Segment Open
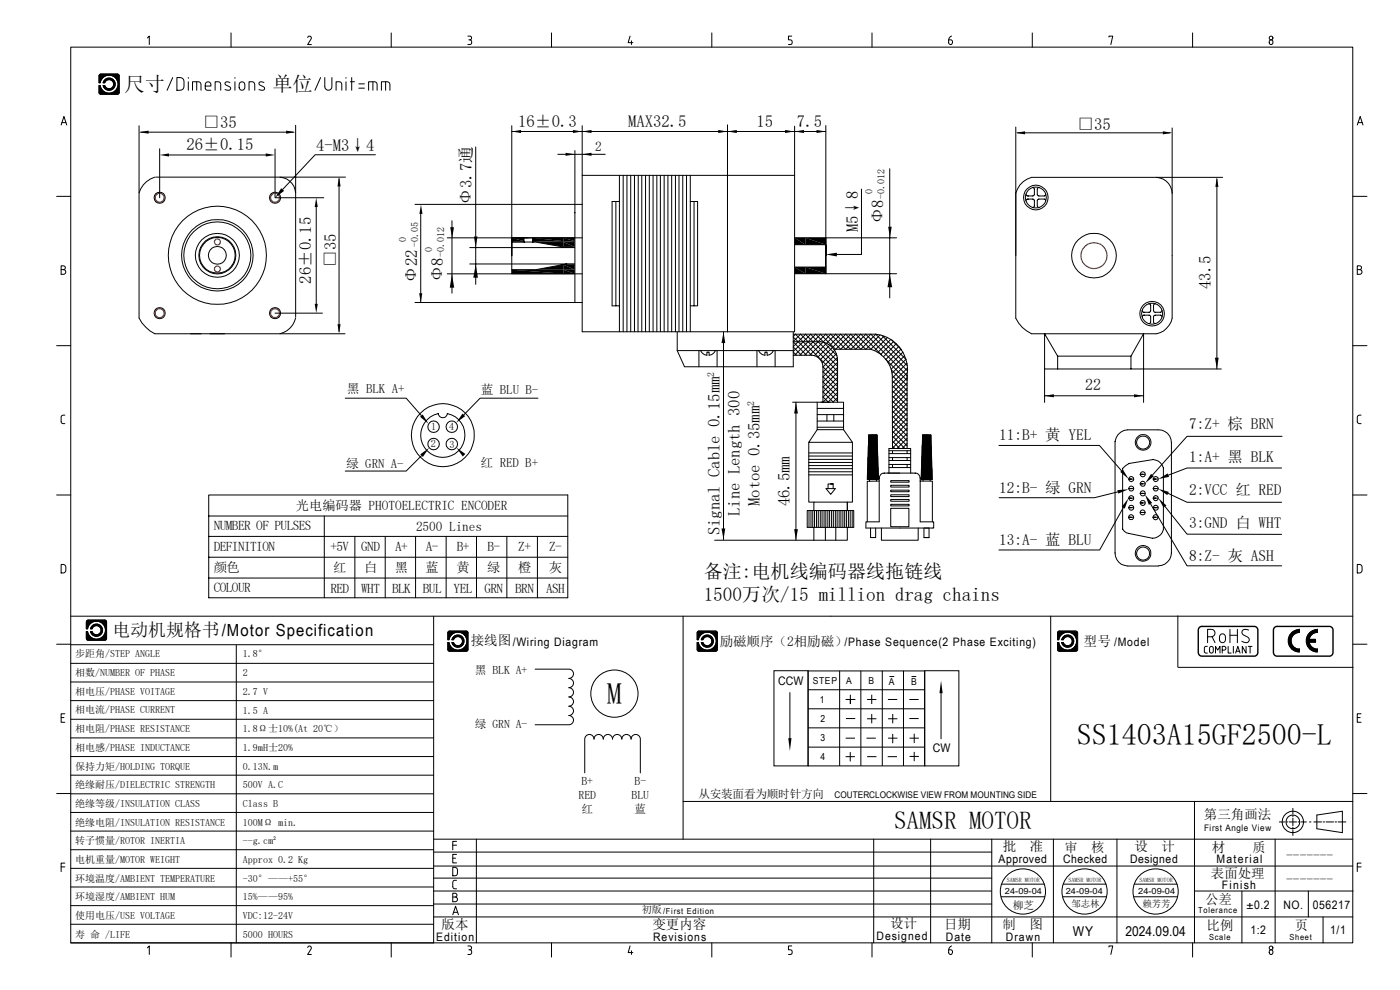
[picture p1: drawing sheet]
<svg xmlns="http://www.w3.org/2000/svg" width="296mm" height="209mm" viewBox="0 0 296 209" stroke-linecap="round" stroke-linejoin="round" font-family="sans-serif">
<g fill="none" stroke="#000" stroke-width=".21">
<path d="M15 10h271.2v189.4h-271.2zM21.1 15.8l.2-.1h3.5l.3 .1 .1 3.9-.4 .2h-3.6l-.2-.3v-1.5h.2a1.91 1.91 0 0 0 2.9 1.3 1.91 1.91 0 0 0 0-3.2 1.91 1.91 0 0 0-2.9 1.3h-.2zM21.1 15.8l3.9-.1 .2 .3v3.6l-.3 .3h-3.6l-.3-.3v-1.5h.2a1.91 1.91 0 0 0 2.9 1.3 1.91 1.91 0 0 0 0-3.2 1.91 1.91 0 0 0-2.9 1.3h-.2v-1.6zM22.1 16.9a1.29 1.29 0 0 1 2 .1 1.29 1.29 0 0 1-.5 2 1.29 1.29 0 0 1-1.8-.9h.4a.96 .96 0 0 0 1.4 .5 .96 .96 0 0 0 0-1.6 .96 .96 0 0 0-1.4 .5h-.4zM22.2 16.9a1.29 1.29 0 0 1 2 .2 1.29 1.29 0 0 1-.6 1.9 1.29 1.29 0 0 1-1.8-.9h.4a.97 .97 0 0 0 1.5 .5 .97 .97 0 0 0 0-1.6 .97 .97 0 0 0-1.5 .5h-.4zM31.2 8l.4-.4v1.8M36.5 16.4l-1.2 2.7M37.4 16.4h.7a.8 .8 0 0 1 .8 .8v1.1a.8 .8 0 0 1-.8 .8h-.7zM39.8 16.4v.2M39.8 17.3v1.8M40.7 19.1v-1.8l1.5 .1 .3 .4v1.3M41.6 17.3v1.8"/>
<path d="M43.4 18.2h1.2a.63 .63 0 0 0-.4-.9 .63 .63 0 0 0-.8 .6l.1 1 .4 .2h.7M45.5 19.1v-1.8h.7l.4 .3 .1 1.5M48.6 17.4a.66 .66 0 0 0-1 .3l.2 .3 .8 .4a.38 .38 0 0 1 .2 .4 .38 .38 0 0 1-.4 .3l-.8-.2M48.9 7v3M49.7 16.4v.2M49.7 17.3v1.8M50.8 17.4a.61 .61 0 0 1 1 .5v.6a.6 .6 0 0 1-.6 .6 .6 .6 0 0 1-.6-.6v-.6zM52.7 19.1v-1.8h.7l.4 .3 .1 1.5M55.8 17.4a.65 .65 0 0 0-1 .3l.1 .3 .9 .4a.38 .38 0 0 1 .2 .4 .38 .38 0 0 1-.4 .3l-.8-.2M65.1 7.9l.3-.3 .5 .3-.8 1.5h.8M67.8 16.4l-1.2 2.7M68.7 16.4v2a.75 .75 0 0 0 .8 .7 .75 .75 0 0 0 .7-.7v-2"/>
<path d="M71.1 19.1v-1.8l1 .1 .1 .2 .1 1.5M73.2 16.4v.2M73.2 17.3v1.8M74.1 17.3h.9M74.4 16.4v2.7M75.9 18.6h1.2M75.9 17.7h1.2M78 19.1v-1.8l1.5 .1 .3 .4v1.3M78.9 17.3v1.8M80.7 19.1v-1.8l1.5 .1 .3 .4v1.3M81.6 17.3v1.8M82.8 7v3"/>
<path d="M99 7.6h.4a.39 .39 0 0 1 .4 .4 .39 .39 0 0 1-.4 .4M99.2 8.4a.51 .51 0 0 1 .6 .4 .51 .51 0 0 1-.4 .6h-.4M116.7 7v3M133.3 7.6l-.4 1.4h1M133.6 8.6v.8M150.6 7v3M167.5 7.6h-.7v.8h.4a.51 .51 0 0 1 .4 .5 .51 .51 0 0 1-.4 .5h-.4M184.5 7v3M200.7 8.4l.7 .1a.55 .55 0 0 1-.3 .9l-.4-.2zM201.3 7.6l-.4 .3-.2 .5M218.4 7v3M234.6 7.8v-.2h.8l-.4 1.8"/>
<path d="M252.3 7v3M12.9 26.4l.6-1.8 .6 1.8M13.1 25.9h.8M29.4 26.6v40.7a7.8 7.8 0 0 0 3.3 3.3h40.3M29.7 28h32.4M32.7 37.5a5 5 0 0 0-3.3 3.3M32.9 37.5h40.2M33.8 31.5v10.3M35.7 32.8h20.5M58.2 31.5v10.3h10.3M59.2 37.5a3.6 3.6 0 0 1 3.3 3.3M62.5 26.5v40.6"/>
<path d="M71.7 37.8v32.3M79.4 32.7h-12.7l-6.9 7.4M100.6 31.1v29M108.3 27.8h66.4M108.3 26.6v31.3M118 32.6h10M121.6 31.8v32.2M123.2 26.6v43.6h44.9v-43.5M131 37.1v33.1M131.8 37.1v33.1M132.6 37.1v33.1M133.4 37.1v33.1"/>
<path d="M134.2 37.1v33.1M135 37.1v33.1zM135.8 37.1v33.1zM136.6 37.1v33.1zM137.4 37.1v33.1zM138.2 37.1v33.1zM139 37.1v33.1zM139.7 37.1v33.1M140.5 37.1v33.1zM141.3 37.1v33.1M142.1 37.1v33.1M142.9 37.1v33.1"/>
Segment Closed
Write the data above out exactly. Leave out any pictures.

[picture p1: drawing sheet]
<svg xmlns="http://www.w3.org/2000/svg" width="296mm" height="209mm" viewBox="0 0 296 209" stroke-linecap="round" stroke-linejoin="round" font-family="sans-serif">
<g fill="none" stroke="#000" stroke-width=".21">
<path d="M15 10h271.2v189.4h-271.2zM21.1 15.8l.2-.1h3.5l.3 .1 .1 3.9-.4 .2h-3.6l-.2-.3v-1.5h.2a1.91 1.91 0 0 0 2.9 1.3 1.91 1.91 0 0 0 0-3.2 1.91 1.91 0 0 0-2.9 1.3h-.2zM21.1 15.8l3.9-.1 .2 .3v3.6l-.3 .3h-3.6l-.3-.3v-1.5h.2a1.91 1.91 0 0 0 2.9 1.3 1.91 1.91 0 0 0 0-3.2 1.91 1.91 0 0 0-2.9 1.3h-.2v-1.6zM22.1 16.9a1.29 1.29 0 0 1 2 .1 1.29 1.29 0 0 1-.5 2 1.29 1.29 0 0 1-1.8-.9h.4a.96 .96 0 0 0 1.4 .5 .96 .96 0 0 0 0-1.6 .96 .96 0 0 0-1.4 .5h-.4zM22.2 16.9a1.29 1.29 0 0 1 2 .2 1.29 1.29 0 0 1-.6 1.9 1.29 1.29 0 0 1-1.8-.9h.4a.97 .97 0 0 0 1.5 .5 .97 .97 0 0 0 0-1.6 .97 .97 0 0 0-1.5 .5h-.4zM31.2 8l.4-.4v1.8M36.5 16.4l-1.2 2.7M37.4 16.4h.7a.8 .8 0 0 1 .8 .8v1.1a.8 .8 0 0 1-.8 .8h-.7zM39.8 16.4v.2M39.8 17.3v1.8M40.7 19.1v-1.8l1.5 .1 .3 .4v1.3M41.6 17.3v1.8"/>
<path d="M43.4 18.2h1.2a.63 .63 0 0 0-.4-.9 .63 .63 0 0 0-.8 .6l.1 1 .4 .2h.7M45.5 19.1v-1.8h.7l.4 .3 .1 1.5M48.6 17.4a.66 .66 0 0 0-1 .3l.2 .3 .8 .4a.38 .38 0 0 1 .2 .4 .38 .38 0 0 1-.4 .3l-.8-.2M48.9 7v3M49.7 16.4v.2M49.7 17.3v1.8M50.8 17.4a.61 .61 0 0 1 1 .5v.6a.6 .6 0 0 1-.6 .6 .6 .6 0 0 1-.6-.6v-.6zM52.7 19.1v-1.8h.7l.4 .3 .1 1.5M55.8 17.4a.65 .65 0 0 0-1 .3l.1 .3 .9 .4a.38 .38 0 0 1 .2 .4 .38 .38 0 0 1-.4 .3l-.8-.2M65.1 7.9l.3-.3 .5 .3-.8 1.5h.8M67.8 16.4l-1.2 2.7M68.7 16.4v2a.75 .75 0 0 0 .8 .7 .75 .75 0 0 0 .7-.7v-2"/>
<path d="M71.1 19.1v-1.8l1 .1 .1 .2 .1 1.5M73.2 16.4v.2M73.2 17.3v1.8M74.1 17.3h.9M74.4 16.4v2.7M75.9 18.6h1.2M75.9 17.7h1.2M78 19.1v-1.8l1.5 .1 .3 .4v1.3M78.9 17.3v1.8M80.7 19.1v-1.8l1.5 .1 .3 .4v1.3M81.6 17.3v1.8M82.8 7v3"/>
<path d="M99 7.6h.4a.39 .39 0 0 1 .4 .4 .39 .39 0 0 1-.4 .4M99.2 8.4a.51 .51 0 0 1 .6 .4 .51 .51 0 0 1-.4 .6h-.4M116.7 7v3M133.3 7.6l-.4 1.4h1M133.6 8.6v.8M150.6 7v3M167.5 7.6h-.7v.8h.4a.51 .51 0 0 1 .4 .5 .51 .51 0 0 1-.4 .5h-.4M184.5 7v3M200.7 8.4l.7 .1a.55 .55 0 0 1-.3 .9l-.4-.2zM201.3 7.6l-.4 .3-.2 .5M218.4 7v3M234.6 7.8v-.2h.8l-.4 1.8"/>
<path d="M252.3 7v3M12.9 26.4l.6-1.8 .6 1.8M13.1 25.9h.8M29.4 26.6v40.7a7.8 7.8 0 0 0 3.3 3.3h40.3M29.7 28h32.4M32.7 37.5a5 5 0 0 0-3.3 3.3M32.9 37.5h40.2M33.8 31.5v10.3M35.7 32.8h20.5M58.2 31.5v10.3h10.3M59.2 37.5a3.6 3.6 0 0 1 3.3 3.3M62.5 26.5v40.6"/>
<path d="M71.7 37.8v32.3M79.4 32.7h-12.7l-6.9 7.4M100.6 31.1v29M108.3 27.8h66.4M108.3 26.6v31.3M118 32.6h10M121.6 31.8v32.2M123.2 26.6v43.6h44.9v-43.5M131 37.1v33.1M131.8 37.1v33.1M132.6 37.1v33.1M133.4 37.1v33.1"/>
<path d="M134.2 37.1v33.1M135 37.1v33.1zM135.8 37.1v33.1zM136.6 37.1v33.1zM137.4 37.1v33.1zM138.2 37.1v33.1zM139 37.1v33.1zM139.7 37.1v33.1M140.5 37.1v33.1zM141.3 37.1v33.1M142.1 37.1v33.1M142.9 37.1v33.1"/>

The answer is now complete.